The final consideration is the likelihood of tolerating treatment with peg-IFN and RBV.
We will present the available information about the more advanced drugs in development in order to try to select those patients that could or should be offered therapy now, and which patients should wait for additional therapies.
The most advanced drugs in development are the protease and polymerase inhibitors. The protease inhibitors interfere with the protease crucial for the translation of the hepatitis C virus and the polyme-rase inhibitors act further along the chain interfering with the viral replication (Figure 1).3
Among the protease inhibitors in development the more advanced are : Vertex / Tibotec: Telaprevir (VX-950); Schering-Plough: Boceprevir; Tibotec: TMC435350; Boehringer Ingelheim: BI 201335; Intermune / Roche: ITMN-191 = R7227; and Merck: MK-7009. The protease inhibitors were the first Directly Acting Antiviral drugs developed, and paved the way for the understanding of important aspects of viral resistance in addition to demonstrating im-proved efficacy rates.
First the results from the Telaprevir and Boce-previr clinical trials have shown that therapy with peg IFN and RBV plus a protease inhibitor will achieve efficacy rates in excess of 70% for genotype 1 naive patients.
Second, the early studies with Telaprevir were instrumental to demonstrate that therapy with peg IFN and RBV were required to prevent the emergence of mutations to Telaprevir.4
The emergence of resistance was also associated to Telaprevir through concentrations in the presence of peg IFN.5
Lately, this information has become more relevant with reports about the significant number of naive patients that harbor drug resistant mutations at NS3 protease or NS5B polymerase to a panel of 27 drugs (gen 1a-21.5%; genlb 44.4% and gen 3a 41.8%).6
Let us examine the most advanced protease inhibitors in development; Telaprevir and Boceprevir. Both drugs have completed enrollment in their phase 3 studies and plan for new drug application to the regulatory agencies this year, with possible approval for 2011.
Telaprevir clinical trials: NaïveProve 1Patients in the total duration arms of 24 and 48 weeks had similar SVR rates. Patients that only received 12 weeks of total duration had lower SVR, similar to SOC, at the expense of high relapse rates. This study also confirmed that adverse events of rash, nausea and diarrhea were more frequent in the Telaprevir arms (Figure 2).7
Prove 1 also shown that virologic breakthrough occurred in 7 % of cases due to the development of resistance to Telaprevir, and that it occurred more frequently during the first 4 weeks of treatment and in patients without rapid virological response (ND at week 4).It was also demonstrated that genetic barriers to resistance vary among sub types; gen1a 9% and gen1b 2% (Figure 3).
Prove 2
Prove 2 was conducted in Europe and had an arm without RBV with a total duration of only 12 weeks-Figure 4.
The results of prove 2 are shown in figure 5. 69% of patients achieved SVR with only 24 weeks total duration and only 12 weeks of Te-laprevir.8
This study showed that RBV is needed to prevent relapse; 48% in the RBV free arm relapsed. It also showed that RBV may have an impact on resistance, as resistant mutations were low in the triple therapy arms (3%) and high in the RBV free arm (24%).9
The results of the Prove 1 and 2 studies demonstrated the improved efficacy of the Telaprevir based 24 weeks total duration therapy in difficult to treat patients; patients older than 50 years old, with high viral load, males and patients with bridging cirrho-sis.10
Boceprevir clinical trials: Naïve patientsSprint 1Figure 6 shows the rather complex design of the Sprint 1 trial. The study had arms with and without a Lead in of 4 weeks of peg IFN and RBV before starting Boceprevir dosing and an arm with lower doses of RBV.
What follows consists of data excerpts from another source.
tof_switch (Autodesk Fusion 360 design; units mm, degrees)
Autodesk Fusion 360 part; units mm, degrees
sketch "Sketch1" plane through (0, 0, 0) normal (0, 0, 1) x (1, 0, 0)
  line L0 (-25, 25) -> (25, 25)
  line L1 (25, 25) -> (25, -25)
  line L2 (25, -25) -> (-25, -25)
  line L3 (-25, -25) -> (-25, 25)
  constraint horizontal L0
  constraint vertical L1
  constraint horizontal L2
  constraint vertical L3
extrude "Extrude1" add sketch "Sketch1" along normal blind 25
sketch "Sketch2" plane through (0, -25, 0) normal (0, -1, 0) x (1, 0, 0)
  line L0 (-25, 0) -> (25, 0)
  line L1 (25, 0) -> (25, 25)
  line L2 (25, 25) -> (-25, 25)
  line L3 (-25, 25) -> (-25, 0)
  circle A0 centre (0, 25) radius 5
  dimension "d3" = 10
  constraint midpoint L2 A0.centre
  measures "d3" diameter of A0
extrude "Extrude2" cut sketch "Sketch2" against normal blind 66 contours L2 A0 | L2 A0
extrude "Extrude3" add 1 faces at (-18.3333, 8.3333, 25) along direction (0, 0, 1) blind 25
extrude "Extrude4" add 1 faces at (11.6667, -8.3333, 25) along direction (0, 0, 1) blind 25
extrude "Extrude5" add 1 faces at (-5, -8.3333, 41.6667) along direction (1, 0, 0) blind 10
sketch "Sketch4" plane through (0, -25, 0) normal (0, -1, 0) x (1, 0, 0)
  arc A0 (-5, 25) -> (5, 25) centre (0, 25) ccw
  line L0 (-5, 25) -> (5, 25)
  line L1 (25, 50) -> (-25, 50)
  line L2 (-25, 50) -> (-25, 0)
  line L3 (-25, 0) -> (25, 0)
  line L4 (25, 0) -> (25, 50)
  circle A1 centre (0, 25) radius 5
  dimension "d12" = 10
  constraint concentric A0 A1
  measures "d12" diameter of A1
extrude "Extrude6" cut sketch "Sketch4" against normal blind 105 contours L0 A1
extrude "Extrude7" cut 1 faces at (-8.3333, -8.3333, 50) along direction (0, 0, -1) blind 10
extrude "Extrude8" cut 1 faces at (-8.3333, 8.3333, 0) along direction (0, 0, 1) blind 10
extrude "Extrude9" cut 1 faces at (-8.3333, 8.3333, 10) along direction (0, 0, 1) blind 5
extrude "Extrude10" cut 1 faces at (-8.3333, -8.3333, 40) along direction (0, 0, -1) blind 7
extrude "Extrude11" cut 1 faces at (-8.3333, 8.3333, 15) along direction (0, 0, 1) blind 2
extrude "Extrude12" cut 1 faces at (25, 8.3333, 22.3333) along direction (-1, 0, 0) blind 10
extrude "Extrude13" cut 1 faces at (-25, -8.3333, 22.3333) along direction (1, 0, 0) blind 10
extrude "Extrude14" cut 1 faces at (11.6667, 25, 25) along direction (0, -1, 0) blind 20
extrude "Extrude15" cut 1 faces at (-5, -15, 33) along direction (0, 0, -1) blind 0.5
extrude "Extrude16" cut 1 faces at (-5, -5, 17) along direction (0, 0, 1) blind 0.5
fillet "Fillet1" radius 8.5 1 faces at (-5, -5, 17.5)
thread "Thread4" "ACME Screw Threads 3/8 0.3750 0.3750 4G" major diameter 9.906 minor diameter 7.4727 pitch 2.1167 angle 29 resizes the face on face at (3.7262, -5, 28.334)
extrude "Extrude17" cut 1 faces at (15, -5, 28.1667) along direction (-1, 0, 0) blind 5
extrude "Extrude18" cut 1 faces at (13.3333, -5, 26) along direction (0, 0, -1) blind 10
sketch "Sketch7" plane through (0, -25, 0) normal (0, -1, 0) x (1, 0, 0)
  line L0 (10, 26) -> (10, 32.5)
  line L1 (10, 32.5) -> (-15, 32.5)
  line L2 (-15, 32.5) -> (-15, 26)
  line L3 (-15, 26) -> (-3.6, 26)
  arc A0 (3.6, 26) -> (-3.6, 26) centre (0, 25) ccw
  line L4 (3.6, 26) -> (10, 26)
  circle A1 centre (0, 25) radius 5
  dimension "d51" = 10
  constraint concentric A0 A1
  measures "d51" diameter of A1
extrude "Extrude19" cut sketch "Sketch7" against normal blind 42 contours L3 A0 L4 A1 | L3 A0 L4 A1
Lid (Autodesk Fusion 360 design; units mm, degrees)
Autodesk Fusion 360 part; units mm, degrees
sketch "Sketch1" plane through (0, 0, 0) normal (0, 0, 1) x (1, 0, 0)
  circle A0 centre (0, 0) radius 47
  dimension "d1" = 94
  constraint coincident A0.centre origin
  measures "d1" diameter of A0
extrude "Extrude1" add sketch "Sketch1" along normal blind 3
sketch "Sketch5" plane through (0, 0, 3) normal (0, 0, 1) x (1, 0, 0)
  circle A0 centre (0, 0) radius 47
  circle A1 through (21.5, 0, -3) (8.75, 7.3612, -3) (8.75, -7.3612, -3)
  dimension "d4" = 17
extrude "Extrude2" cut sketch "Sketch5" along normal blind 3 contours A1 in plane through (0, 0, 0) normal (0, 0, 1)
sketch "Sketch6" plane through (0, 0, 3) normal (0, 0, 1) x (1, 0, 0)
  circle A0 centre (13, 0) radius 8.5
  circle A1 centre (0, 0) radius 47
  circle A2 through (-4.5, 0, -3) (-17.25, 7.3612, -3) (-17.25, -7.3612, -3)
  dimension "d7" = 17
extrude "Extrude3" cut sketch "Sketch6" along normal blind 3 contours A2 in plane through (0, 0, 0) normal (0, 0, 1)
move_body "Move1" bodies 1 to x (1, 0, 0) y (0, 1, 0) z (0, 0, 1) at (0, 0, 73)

Sprint 1 resulted in 56% SVR with 28 weeks total duration and the lead in of 4 weeks, compared to 67% with 48 weeks duration and 75% with 48 weeks therapy and 4 weeks of lead in. Patients in the low RBV dose arm had lower than SOC efficacy; 36 vs. 50 % SVR.
Boceprevir based therapy had significant adverse events, especially anemia in more than 55% of patients, and dysgeusia in more than 30%. In the case of anemia, Epoietin alfa was used in more than 45% of all patients.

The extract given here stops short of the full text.